■ **EXERCISE**: When the line containing "# profile 5 of 6: a face of its own" appears in the entries below, begin printing there and stop after the line containing "2.569195468, 4, 4, 4, 4], degree=3))"; print each of those lines exactly and no other line.

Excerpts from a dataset
※
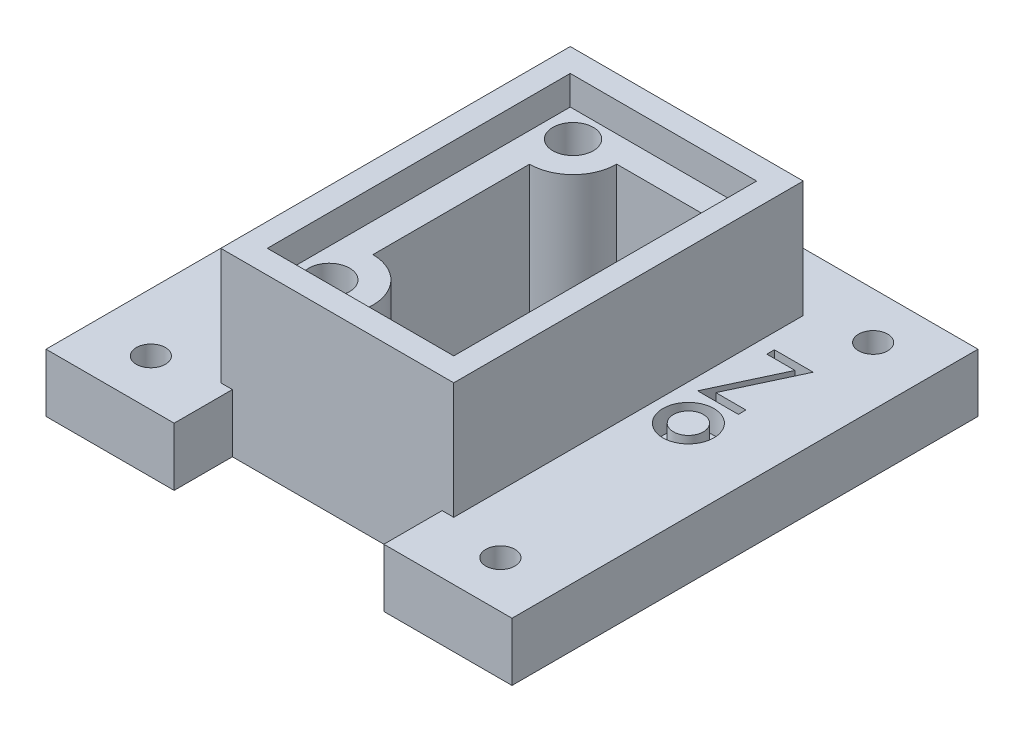
from build123d import *

# Parameters (mm, degrees)
BOSS_EXTRUDE1_DEPTH = 5
SKETCH2_W           = 20
SKETCH2_H           = 30
BOSS_EXTRUDE2_DEPTH = 10
SKETCH3_W           = 16
SKETCH3_H           = 26
CUT_EXTRUDE1_DEPTH  = 2.5
SKETCH4_R           = 1.741070667
SKETCH4_R_2         = 1.74917144
CUT_EXTRUDE2_DEPTH  = 12.5
CUT_EXTRUDE3_DEPTH  = 2.5
SKETCH10_R          = 2.187200611
SKETCH10_R_2        = 1.286018764
CUT_EXTRUDE7_DEPTH  = 2
SKETCH11_R          = 1.25
CUT_EXTRUDE8_DEPTH  = 5


with BuildPart() as part:
    # Sketch1 → Boss-Extrude1 (new body)
    with BuildSketch(Plane(origin=(0, 0, 0), x_dir=(1, 0, 0), z_dir=(0, 1, 0))):
        Polygon((-28.098710289, 18.79265625), (11.901289711, 18.79265625), (11.901289711, -21.20734375), (0.901289711, -21.20734375), (0.901289711, -16.20734375), (-17.098710289, -16.20734375), (-17.098710289, -21.20734375), (-28.098710289, -21.20734375), align=None)
    extrude(amount=BOSS_EXTRUDE1_DEPTH)

    # Sketch2 → Boss-Extrude2 (add)
    with BuildSketch(Plane(origin=(0, 5, 0), x_dir=(1, 0, 0), z_dir=(0, 1, 0))):
        with Locations((-8.098710289, -1.20734375)):
            Rectangle(SKETCH2_W, SKETCH2_H)
    extrude(amount=BOSS_EXTRUDE2_DEPTH)

    # Sketch3 → Cut-Extrude1 (cut)
    with BuildSketch(Plane(origin=(0, 15, 0), x_dir=(1, 0, 0), z_dir=(0, 1, 0))):
        with Locations((-8.098710289, -1.20734375)):
            Rectangle(SKETCH3_W, SKETCH3_H)
    extrude(amount=-CUT_EXTRUDE1_DEPTH, mode=Mode.SUBTRACT)

    # Sketch4 → Cut-Extrude2 (cut)
    with BuildSketch(Plane(origin=(0, 12.5, 0), x_dir=(1, 0, 0), z_dir=(0, 1, 0))):
        with Locations(Location((-13.598710289, 9.533726917, 0), (0, 0, 270))):
            Circle(SKETCH4_R)
        with Locations(Location((-13.598710289, -11.400038003, 0), (0, 0, 270))):
            Circle(SKETCH4_R_2)
        with BuildLine():
            Line((-9.857650278, 9.54265625), (-2.598710289, 9.54265625))
            Line((-2.598710289, 9.54265625), (-2.598710289, -11.70734375))
            Line((-2.598710289, -11.70734375), (-9.862154433, -11.70734375))
            ThreePointArc((-9.862154433, -11.70734375), (-10.841136317, -8.859945036), (-13.598710289, -7.650866563))
            Line((-13.598710289, -7.650866563), (-13.598710289, 5.79265625))
            ThreePointArc((-13.598710289, 5.79265625), (-10.950218737, 6.891549361), (-9.857650278, 9.54265625))
        make_face()
    extrude(amount=-CUT_EXTRUDE2_DEPTH, mode=Mode.SUBTRACT)

    # Sketch5 → Cut-Extrude3 (cut)
    with BuildSketch(Plane.XZ):
        Polygon((-11.013093596, 9.763602959), (-10.888707623, 12.821030221), (-13.474324315, 14.457465265), (-16.184326981, 13.036473046), (-16.308712955, 9.979045784), (-13.723096262, 8.34261074), align=None)
        Polygon((-10.5398219, -9.614567263), (-11.999256302, -6.925072038), (-15.05814469, -6.844231693), (-16.657598677, -9.452886572), (-15.198164275, -12.142381796), (-12.139275887, -12.223222142), align=None)
    extrude(amount=-CUT_EXTRUDE3_DEPTH, mode=Mode.SUBTRACT)

    # Sketch10 → Cut-Extrude7 (cut)
    # profile 1 of 6: a face of its own
    with BuildSketch(Plane(origin=(0, 5, 0), x_dir=(1, 0, 0), z_dir=(0, 1, 0))):
        with Locations(Location((4.971694187, 0.863959669, 0), (0, 0, 270))):
            Circle(SKETCH10_R)
        with Locations(Location((4.971694187, 0.863959669, 0), (0, 0, 270))):
            Circle(SKETCH10_R_2, mode=Mode.SUBTRACT)
    # profile 2 of 6: a face of its own
    with BuildSketch(Plane(origin=(0, 5, 0), x_dir=(1, 0, 0), z_dir=(0, 1, 0))):
        Polygon((-6.934780849, 18.55515625), (-6.441549178, 18.55515625), (-5.194636618, 16.607034255), (-3.947724058, 18.55515625), (-3.454492387, 18.55515625), (-4.947543769, 16.221607572), (-3.393434695, 13.79265625), (-3.886666366, 13.79265625), (-5.194636618, 15.836180889), (-6.50260687, 13.79265625), (-6.995838541, 13.79265625), (-5.44077544, 16.221607572), align=None)
    # profile 3 of 6: a face of its own
    with BuildSketch(Plane(origin=(0, 5, 0), x_dir=(1, 0, 0), z_dir=(0, 1, 0))):
        with BuildLine():
            add(Edge.make_bspline(
                [(-11.401511412, 18.039251811), (-11.391176898, 18.028213248), (-11.371535294, 18.007233539), (-11.350489172, 17.970347371), (-11.338990843, 17.930849446), (-11.340512779, 17.903871876), (-11.341271456, 17.890423686)],
                knots=[0, 0, 0, 0, 1.086383765, 2.064762959, 3.035293514, 4, 4, 4, 4], degree=3))
            add(Edge.make_bspline(
                [(-11.341271456, 17.890423686), (-11.345286126, 17.870413794), (-11.35451753, 17.824402693), (-11.407409924, 17.768867664), (-11.46486929, 17.715003045), (-11.503486765, 17.677881965), (-11.521991322, 17.660094445)],
                knots=[0, 0, 0, 0, 0.805786305, 1.852839402, 2.971132773, 4, 4, 4, 4], degree=3))
            Line((-11.521991322, 17.660094445), (-12.503548242, 16.719878671))
            Line((-12.503548242, 16.719878671), (-8.036342141, 16.719878671))
            add(Edge.make_bspline(
                [(-8.036342141, 16.719878671), (-8.020250186, 16.713443965), (-7.989700773, 16.70122814), (-7.951426601, 16.673751703), (-7.921719228, 16.640592241), (-7.91155186, 16.614013831), (-7.906412825, 16.600579936)],
                knots=[0, 0, 0, 0, 1.132039831, 2.149095914, 3.064471857, 4, 4, 4, 4], degree=3))
            add(Edge.make_bspline(
                [(-7.906412825, 16.600579936), (-7.904153928, 16.591959481), (-7.898584882, 16.570706755), (-7.898308734, 16.548697323), (-7.898144596, 16.535615278)],
                knots=[0, 0, 0, 0, 0.811232935, 2, 2, 2, 2], degree=3))
            add(Edge.make_bspline(
                [(-7.898144596, 16.535615278), (-7.900104637, 16.507845224), (-7.903792336, 16.455597545), (-7.939553018, 16.398803116), (-7.979274926, 16.368582892), (-8.016307766, 16.353207548), (-8.059114419, 16.343924657), (-8.089836832, 16.342600488), (-8.106031501, 16.341902481)],
                knots=[0, 0, 0, 0, 1.532586902, 2.883469612, 3.572224477, 4.289382852, 5.098284418, 6, 6, 6, 6], degree=3))
            Line((-8.106031501, 16.341902481), (-12.503548242, 16.341902481))
            Line((-12.503548242, 16.341902481), (-11.367257319, 15.181988046))
            add(Edge.make_bspline(
                [(-11.367257319, 15.181988046), (-11.359384504, 15.167352384), (-11.343512684, 15.137846471), (-11.342022481, 15.104366883), (-11.341271456, 15.087493998)],
                knots=[0, 0, 0, 0, 0.992049469, 2, 2, 2, 2], degree=3))
            add(Edge.make_bspline(
                [(-11.341271456, 15.087493998), (-11.342866453, 15.062624612), (-11.345806685, 15.016780178), (-11.379078345, 14.956711662), (-11.435197136, 14.91675613), (-11.480749877, 14.909518305), (-11.505454864, 14.905592957)],
                knots=[0, 0, 0, 0, 1.083364178, 1.99708253, 2.913741517, 4, 4, 4, 4], degree=3))
            add(Edge.make_bspline(
                [(-11.505454864, 14.905592957), (-11.521325004, 14.906890998), (-11.553006577, 14.90948228), (-11.599927674, 14.925946377), (-11.644669504, 14.953691951), (-11.67196162, 14.977985878), (-11.68617473, 14.9906376)],
                knots=[0, 0, 0, 0, 0.931180956, 1.858917334, 2.884973053, 4, 4, 4, 4], degree=3))
            Line((-11.68617473, 14.9906376), (-12.529534105, 15.816279341))
            Line((-12.529534105, 15.816279341), (-13.364625251, 16.370250695))
            add(Edge.make_bspline(
                [(-13.364625251, 16.370250695), (-13.379763836, 16.389915119), (-13.412320047, 16.432204351), (-13.415106318, 16.485722057), (-13.416596977, 16.514354117)],
                knots=[0, 0, 0, 0, 0.929996723, 2, 2, 2, 2], degree=3))
            add(Edge.make_bspline(
                [(-13.416596977, 16.514354117), (-13.408542134, 16.541337152), (-13.392591802, 16.594769402), (-13.350972773, 16.631839459), (-13.330371159, 16.650189311)],
                knots=[0, 0, 0, 0, 1.009990591, 2, 2, 2, 2], degree=3))
            Line((-13.330371159, 16.650189311), (-12.46102592, 17.228965353))
            Line((-12.46102592, 17.228965353), (-11.61648537, 18.054607094))
            add(Edge.make_bspline(
                [(-11.61648537, 18.054607094), (-11.60385435, 18.062470279), (-11.577506918, 18.078872338), (-11.546435342, 18.080003879), (-11.530259551, 18.080592957)],
                knots=[0, 0, 0, 0, 0.958804667, 2, 2, 2, 2], degree=3))
            add(Edge.make_bspline(
                [(-11.530259551, 18.080592957), (-11.507721042, 18.078590928), (-11.46172399, 18.074505148), (-11.421848137, 18.051158583), (-11.401511412, 18.039251811)],
                knots=[0, 0, 0, 0, 0.979997969, 2, 2, 2, 2], degree=3))
        make_face()
    # profile 4 of 6: a face of its own
    with BuildSketch(Plane(origin=(0, 5, 0), x_dir=(1, 0, 0), z_dir=(0, 1, 0))):
        Polygon((-22.941002403, -3.078624451), (-22.288448317, -3.078624451), (-20.61953806, -0.350108826), (-18.953171875, -3.078624451), (-18.300617788, -3.078624451), (-20.335874198, 0.252835886), (-20.335874198, 3.271375549), (-20.905745993, 3.271375549), (-20.905745993, 0.252835886), align=None)
    # profile 5 of 6: a face of its own
    with BuildSketch(Plane(origin=(0, 5, 0), x_dir=(1, 0, 0), z_dir=(0, 1, 0))):
        with BuildLine():
            Line((-24.564686436, 2.417475822), (-24.545787627, 2.331250003))
            Line((-24.545787627, 2.331250003), (-24.545787627, -2.056817333))
            Line((-24.545787627, -2.056817333), (-23.416583758, -0.911077005))
            add(Edge.make_bspline(
                [(-23.416583758, -0.911077005), (-23.404356652, -0.903213688), (-23.378861833, -0.886817833), (-23.348513705, -0.885682157), (-23.33272029, -0.885091142)],
                knots=[0, 0, 0, 0, 0.9591836, 2, 2, 2, 2], degree=3))
            add(Edge.make_bspline(
                [(-23.33272029, -0.885091142), (-23.314281924, -0.887596019), (-23.273490267, -0.893137619), (-23.215155022, -0.926839086), (-23.159303645, -0.98221648), (-23.146023553, -1.035367972), (-23.139007493, -1.063448657)],
                knots=[0, 0, 0, 0, 0.780587553, 1.726913212, 2.799096073, 4, 4, 4, 4], degree=3))
            add(Edge.make_bspline(
                [(-23.139007493, -1.063448657), (-23.142781192, -1.086622741), (-23.151121599, -1.137840733), (-23.204848501, -1.202178987), (-23.26599129, -1.263443955), (-23.307523347, -1.305915484), (-23.327995588, -1.326850815)],
                knots=[0, 0, 0, 0, 0.837433221, 1.85084549, 2.940625369, 4, 4, 4, 4], degree=3))
            Line((-23.327995588, -1.326850815), (-24.060324457, -2.056817333))
            Line((-24.060324457, -2.056817333), (-24.628469918, -2.888364952))
            add(Edge.make_bspline(
                [(-24.628469918, -2.888364952), (-24.64876248, -2.90076647), (-24.688742066, -2.925199441), (-24.735415821, -2.929010571), (-24.758399234, -2.930887273)],
                knots=[0, 0, 0, 0, 1.015146165, 2, 2, 2, 2], degree=3))
            Line((-24.758399234, -2.930887273), (-24.818639189, -2.930887273))
            add(Edge.make_bspline(
                [(-24.818639189, -2.930887273), (-24.828356459, -2.925755597), (-24.851931248, -2.913305785), (-24.885489948, -2.879171721), (-24.924248519, -2.830082266), (-24.950446838, -2.790957032), (-24.965104963, -2.769066217)],
                knots=[0, 0, 0, 0, 0.594680612, 1.442737441, 2.569195468, 4, 4, 4, 4], degree=3))
            Line((-24.965104963, -2.769066217), (-25.490728103, -2.006026782))
            Line((-25.490728103, -2.006026782), (-26.342355707, -1.156761529))
            add(Edge.make_bspline(
                [(-26.342355707, -1.156761529), (-26.347292725, -1.141931951), (-26.355636065, -1.116870627), (-26.358786939, -1.090678523), (-26.360073341, -1.079985116)],
                knots=[0, 0, 0, 0, 1.183463243, 2, 2, 2, 2], degree=3))
            add(Edge.make_bspline(
                [(-26.360073341, -1.079985116), (-26.359048777, -1.064921423), (-26.356885957, -1.033122473), (-26.347365936, -1.002688917), (-26.342355707, -0.986672244)],
                knots=[0, 0, 0, 0, 0.947433318, 2, 2, 2, 2], degree=3))
            add(Edge.make_bspline(
                [(-26.342355707, -0.986672244), (-26.332104417, -0.972139859), (-26.312520677, -0.944377652), (-26.271396042, -0.915743031), (-26.226302859, -0.89627663), (-26.193741442, -0.894350312), (-26.176991124, -0.893359372)],
                knots=[0, 0, 0, 0, 1.068155181, 2.04056985, 2.992025482, 4, 4, 4, 4], degree=3))
            add(Edge.make_bspline(
                [(-26.176991124, -0.893359372), (-26.151213721, -0.896202818), (-26.098647776, -0.902001246), (-26.058216767, -0.936180811), (-26.037612403, -0.953599327)],
                knots=[0, 0, 0, 0, 0.98076435, 2, 2, 2, 2], degree=3))
            Line((-26.037612403, -0.953599327), (-24.923763817, -2.056817333))
            Line((-24.923763817, -2.056817333), (-24.923763817, 2.3749535))
            add(Edge.make_bspline(
                [(-24.923763817, 2.3749535), (-24.917311192, 2.389220296), (-24.905326533, 2.415718452), (-24.885173638, 2.451273429), (-24.859419469, 2.47557905), (-24.824609932, 2.495728529), (-24.781020749, 2.508855252), (-24.746262666, 2.510979221), (-24.730051019, 2.51196987)],
                knots=[0, 0, 0, 0, 1.101707259, 2.046234615, 2.848742994, 3.555887495, 4.860032424, 6, 6, 6, 6], degree=3))
            add(Edge.make_bspline(
                [(-24.730051019, 2.51196987), (-24.710189826, 2.511069), (-24.673443437, 2.509402246), (-24.623812972, 2.49146448), (-24.58509219, 2.460547427), (-24.571559971, 2.43198419), (-24.564686436, 2.417475822)],
                knots=[0, 0, 0, 0, 1.16633933, 2.157914548, 3.064333863, 4, 4, 4, 4], degree=3))
        make_face()
    # profile 6 of 6: a face of its own
    with BuildSketch(Plane(origin=(0, 5, 0), x_dir=(1, 0, 0), z_dir=(0, 1, 0))):
        Polygon((3.203694161, 9.359973523), (3.203694161, 10.011255574), (6.541514674, 10.011255574), (3.877872847, 4.312537626), (6.460104417, 4.312537626), (6.460104417, 3.661255574), (2.959463392, 3.661255574), (5.623105219, 9.359973523), align=None)
    extrude(amount=-CUT_EXTRUDE7_DEPTH, mode=Mode.SUBTRACT)

    # Sketch11 → Cut-Extrude8 (cut)
    with BuildSketch(Plane(origin=(0, 5, 0), x_dir=(1, 0, 0), z_dir=(0, 1, 0))):
        with Locations(Location((-23.098710289, 14.79265625, 0), (0, 0, 270))):
            Circle(SKETCH11_R)
        with Locations(Location((6.901289711, 14.79265625, 0), (0, 0, 270))):
            Circle(SKETCH11_R)
        with Locations(Location((6.901289711, -17.20734375, 0), (0, 0, 270))):
            Circle(SKETCH11_R)
        with Locations(Location((-23.098710289, -17.20734375, 0), (0, 0, 270))):
            Circle(SKETCH11_R)
    extrude(amount=-CUT_EXTRUDE8_DEPTH, mode=Mode.SUBTRACT)


solid = part.part
※
■ **FINAL ANSWER**:
    # profile 5 of 6: a face of its own
    with BuildSketch(Plane(origin=(0, 5, 0), x_dir=(1, 0, 0), z_dir=(0, 1, 0))):
        with BuildLine():
            Line((-24.564686436, 2.417475822), (-24.545787627, 2.331250003))
            Line((-24.545787627, 2.331250003), (-24.545787627, -2.056817333))
            Line((-24.545787627, -2.056817333), (-23.416583758, -0.911077005))
            add(Edge.make_bspline(
                [(-23.416583758, -0.911077005), (-23.404356652, -0.903213688), (-23.378861833, -0.886817833), (-23.348513705, -0.885682157), (-23.33272029, -0.885091142)],
                knots=[0, 0, 0, 0, 0.9591836, 2, 2, 2, 2], degree=3))
            add(Edge.make_bspline(
                [(-23.33272029, -0.885091142), (-23.314281924, -0.887596019), (-23.273490267, -0.893137619), (-23.215155022, -0.926839086), (-23.159303645, -0.98221648), (-23.146023553, -1.035367972), (-23.139007493, -1.063448657)],
                knots=[0, 0, 0, 0, 0.780587553, 1.726913212, 2.799096073, 4, 4, 4, 4], degree=3))
            add(Edge.make_bspline(
                [(-23.139007493, -1.063448657), (-23.142781192, -1.086622741), (-23.151121599, -1.137840733), (-23.204848501, -1.202178987), (-23.26599129, -1.263443955), (-23.307523347, -1.305915484), (-23.327995588, -1.326850815)],
                knots=[0, 0, 0, 0, 0.837433221, 1.85084549, 2.940625369, 4, 4, 4, 4], degree=3))
            Line((-23.327995588, -1.326850815), (-24.060324457, -2.056817333))
            Line((-24.060324457, -2.056817333), (-24.628469918, -2.888364952))
            add(Edge.make_bspline(
                [(-24.628469918, -2.888364952), (-24.64876248, -2.90076647), (-24.688742066, -2.925199441), (-24.735415821, -2.929010571), (-24.758399234, -2.930887273)],
                knots=[0, 0, 0, 0, 1.015146165, 2, 2, 2, 2], degree=3))
            Line((-24.758399234, -2.930887273), (-24.818639189, -2.930887273))
            add(Edge.make_bspline(
                [(-24.818639189, -2.930887273), (-24.828356459, -2.925755597), (-24.851931248, -2.913305785), (-24.885489948, -2.879171721), (-24.924248519, -2.830082266), (-24.950446838, -2.790957032), (-24.965104963, -2.769066217)],
                knots=[0, 0, 0, 0, 0.594680612, 1.442737441, 2.569195468, 4, 4, 4, 4], degree=3))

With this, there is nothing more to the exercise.